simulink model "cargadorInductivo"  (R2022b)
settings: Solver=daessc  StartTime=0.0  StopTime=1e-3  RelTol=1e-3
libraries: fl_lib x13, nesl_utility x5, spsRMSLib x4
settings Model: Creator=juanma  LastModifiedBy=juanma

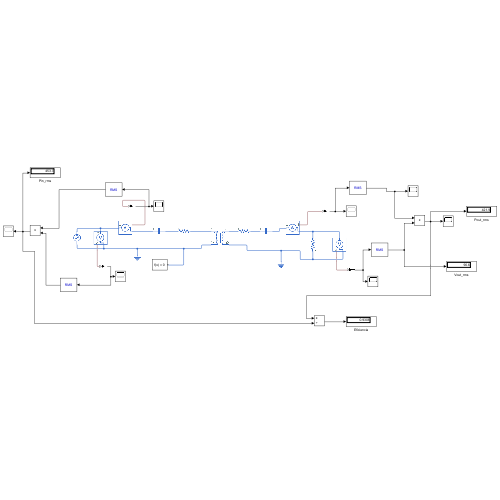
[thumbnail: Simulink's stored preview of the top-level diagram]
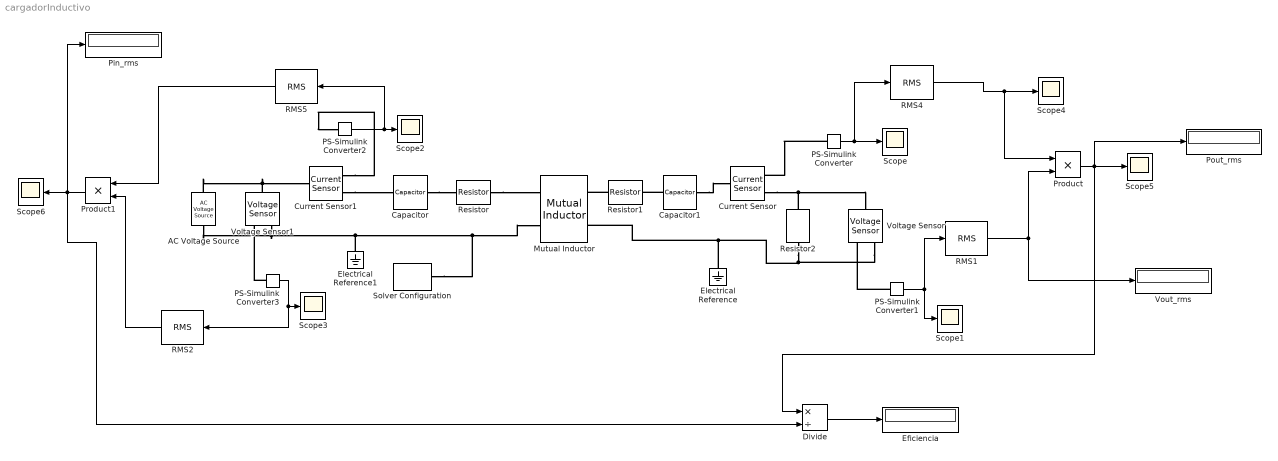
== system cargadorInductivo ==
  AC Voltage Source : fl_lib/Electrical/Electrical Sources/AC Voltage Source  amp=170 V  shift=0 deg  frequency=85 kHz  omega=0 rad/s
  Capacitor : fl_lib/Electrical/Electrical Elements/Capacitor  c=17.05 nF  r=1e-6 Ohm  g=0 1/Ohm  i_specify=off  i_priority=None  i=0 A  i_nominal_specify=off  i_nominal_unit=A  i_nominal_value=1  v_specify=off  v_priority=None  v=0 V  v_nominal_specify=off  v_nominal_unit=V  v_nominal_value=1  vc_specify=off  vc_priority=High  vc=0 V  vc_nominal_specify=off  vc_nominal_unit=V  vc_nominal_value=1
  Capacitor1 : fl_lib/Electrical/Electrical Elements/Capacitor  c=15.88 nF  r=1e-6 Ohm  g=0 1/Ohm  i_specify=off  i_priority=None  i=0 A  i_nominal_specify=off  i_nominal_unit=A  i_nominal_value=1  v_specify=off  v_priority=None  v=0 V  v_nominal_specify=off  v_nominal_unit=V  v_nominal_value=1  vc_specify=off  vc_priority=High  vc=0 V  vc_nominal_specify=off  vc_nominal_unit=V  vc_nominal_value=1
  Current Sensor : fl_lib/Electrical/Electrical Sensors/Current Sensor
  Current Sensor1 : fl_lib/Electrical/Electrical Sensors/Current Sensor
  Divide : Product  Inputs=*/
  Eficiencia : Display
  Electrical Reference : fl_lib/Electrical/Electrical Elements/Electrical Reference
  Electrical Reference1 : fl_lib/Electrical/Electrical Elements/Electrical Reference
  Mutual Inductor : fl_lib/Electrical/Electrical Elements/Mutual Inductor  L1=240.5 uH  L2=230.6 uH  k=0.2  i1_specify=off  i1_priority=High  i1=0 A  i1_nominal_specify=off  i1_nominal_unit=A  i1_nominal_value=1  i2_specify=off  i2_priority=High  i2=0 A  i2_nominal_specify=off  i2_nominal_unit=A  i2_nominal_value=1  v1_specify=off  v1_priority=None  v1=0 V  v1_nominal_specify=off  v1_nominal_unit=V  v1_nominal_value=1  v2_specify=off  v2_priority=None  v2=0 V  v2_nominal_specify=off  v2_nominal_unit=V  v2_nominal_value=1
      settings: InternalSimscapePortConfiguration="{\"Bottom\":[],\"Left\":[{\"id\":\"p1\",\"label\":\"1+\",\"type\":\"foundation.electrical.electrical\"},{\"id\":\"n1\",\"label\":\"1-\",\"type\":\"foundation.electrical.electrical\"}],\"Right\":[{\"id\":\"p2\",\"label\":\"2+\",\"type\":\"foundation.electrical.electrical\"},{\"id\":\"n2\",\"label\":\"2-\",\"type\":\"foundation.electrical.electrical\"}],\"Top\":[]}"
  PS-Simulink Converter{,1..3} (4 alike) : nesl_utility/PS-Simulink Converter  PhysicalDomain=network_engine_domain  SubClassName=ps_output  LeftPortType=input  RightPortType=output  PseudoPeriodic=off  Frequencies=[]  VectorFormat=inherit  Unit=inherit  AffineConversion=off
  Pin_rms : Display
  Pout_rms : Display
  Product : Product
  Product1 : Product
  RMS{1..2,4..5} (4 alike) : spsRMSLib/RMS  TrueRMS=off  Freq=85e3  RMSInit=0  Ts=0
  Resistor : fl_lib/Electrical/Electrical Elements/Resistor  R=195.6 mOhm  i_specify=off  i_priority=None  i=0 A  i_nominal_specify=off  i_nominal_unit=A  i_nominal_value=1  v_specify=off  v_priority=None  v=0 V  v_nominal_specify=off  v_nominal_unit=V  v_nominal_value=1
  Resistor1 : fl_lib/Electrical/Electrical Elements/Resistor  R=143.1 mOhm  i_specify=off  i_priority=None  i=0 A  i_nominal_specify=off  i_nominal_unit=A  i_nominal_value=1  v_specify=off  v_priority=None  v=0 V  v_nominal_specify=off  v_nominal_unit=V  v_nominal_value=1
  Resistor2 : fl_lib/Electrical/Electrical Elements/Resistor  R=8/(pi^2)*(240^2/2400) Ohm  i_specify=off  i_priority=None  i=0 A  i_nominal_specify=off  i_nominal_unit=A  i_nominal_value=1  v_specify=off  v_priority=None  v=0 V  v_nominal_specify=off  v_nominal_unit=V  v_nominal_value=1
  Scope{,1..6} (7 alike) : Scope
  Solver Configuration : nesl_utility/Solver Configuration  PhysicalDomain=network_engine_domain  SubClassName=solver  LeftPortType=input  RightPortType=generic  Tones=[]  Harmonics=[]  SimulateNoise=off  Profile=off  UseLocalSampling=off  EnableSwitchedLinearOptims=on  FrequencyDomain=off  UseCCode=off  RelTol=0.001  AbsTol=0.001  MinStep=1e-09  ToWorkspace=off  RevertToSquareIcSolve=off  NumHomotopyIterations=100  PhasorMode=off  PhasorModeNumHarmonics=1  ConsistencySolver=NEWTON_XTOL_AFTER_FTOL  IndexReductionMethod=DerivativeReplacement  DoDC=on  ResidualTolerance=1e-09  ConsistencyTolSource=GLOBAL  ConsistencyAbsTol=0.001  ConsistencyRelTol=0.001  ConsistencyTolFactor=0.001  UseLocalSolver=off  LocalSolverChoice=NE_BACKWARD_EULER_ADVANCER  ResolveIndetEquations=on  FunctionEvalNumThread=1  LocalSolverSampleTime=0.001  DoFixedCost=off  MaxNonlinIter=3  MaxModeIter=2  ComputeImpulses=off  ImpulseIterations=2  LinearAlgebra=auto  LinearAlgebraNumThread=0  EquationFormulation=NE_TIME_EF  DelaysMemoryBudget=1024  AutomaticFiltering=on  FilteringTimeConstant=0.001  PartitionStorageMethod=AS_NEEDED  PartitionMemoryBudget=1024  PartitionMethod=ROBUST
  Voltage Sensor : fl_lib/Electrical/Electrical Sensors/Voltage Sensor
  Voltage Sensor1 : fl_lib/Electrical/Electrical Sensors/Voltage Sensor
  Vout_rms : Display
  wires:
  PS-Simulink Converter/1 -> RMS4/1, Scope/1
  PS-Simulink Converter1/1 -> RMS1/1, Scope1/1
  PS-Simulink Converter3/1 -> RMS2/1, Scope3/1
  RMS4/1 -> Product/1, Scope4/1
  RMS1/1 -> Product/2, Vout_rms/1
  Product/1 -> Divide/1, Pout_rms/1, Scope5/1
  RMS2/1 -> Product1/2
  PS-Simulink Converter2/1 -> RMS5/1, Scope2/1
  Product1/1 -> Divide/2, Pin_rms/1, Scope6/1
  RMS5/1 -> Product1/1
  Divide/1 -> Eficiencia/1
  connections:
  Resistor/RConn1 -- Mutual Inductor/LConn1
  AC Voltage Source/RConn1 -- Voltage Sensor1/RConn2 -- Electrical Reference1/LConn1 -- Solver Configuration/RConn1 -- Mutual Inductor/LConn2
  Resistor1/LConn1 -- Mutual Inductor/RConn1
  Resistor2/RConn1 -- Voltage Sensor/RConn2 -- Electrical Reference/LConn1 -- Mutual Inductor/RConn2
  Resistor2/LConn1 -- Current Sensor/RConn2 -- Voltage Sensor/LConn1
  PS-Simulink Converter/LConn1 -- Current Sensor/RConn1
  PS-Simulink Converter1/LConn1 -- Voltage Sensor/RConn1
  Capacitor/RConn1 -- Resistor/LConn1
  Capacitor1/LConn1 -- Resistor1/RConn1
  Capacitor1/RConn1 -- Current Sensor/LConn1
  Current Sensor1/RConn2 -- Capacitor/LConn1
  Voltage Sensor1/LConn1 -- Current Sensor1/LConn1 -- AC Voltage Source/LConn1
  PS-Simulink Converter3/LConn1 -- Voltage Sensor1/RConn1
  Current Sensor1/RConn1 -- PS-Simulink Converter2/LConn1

> Requirement: Locate the line that contains "Product1/1 -> Divide/2, Pin_rms/1, Scope6/1", then please quote it and every line after it to the end of the entries above, exactly and with nothing else.

> Solution to this task:
  Product1/1 -> Divide/2, Pin_rms/1, Scope6/1
  RMS5/1 -> Product1/1
  Divide/1 -> Eficiencia/1
  connections:
  Resistor/RConn1 -- Mutual Inductor/LConn1
  AC Voltage Source/RConn1 -- Voltage Sensor1/RConn2 -- Electrical Reference1/LConn1 -- Solver Configuration/RConn1 -- Mutual Inductor/LConn2
  Resistor1/LConn1 -- Mutual Inductor/RConn1
  Resistor2/RConn1 -- Voltage Sensor/RConn2 -- Electrical Reference/LConn1 -- Mutual Inductor/RConn2
  Resistor2/LConn1 -- Current Sensor/RConn2 -- Voltage Sensor/LConn1
  PS-Simulink Converter/LConn1 -- Current Sensor/RConn1
  PS-Simulink Converter1/LConn1 -- Voltage Sensor/RConn1
  Capacitor/RConn1 -- Resistor/LConn1
  Capacitor1/LConn1 -- Resistor1/RConn1
  Capacitor1/RConn1 -- Current Sensor/LConn1
  Current Sensor1/RConn2 -- Capacitor/LConn1
  Voltage Sensor1/LConn1 -- Current Sensor1/LConn1 -- AC Voltage Source/LConn1
  PS-Simulink Converter3/LConn1 -- Voltage Sensor1/RConn1
  Current Sensor1/RConn1 -- PS-Simulink Converter2/LConn1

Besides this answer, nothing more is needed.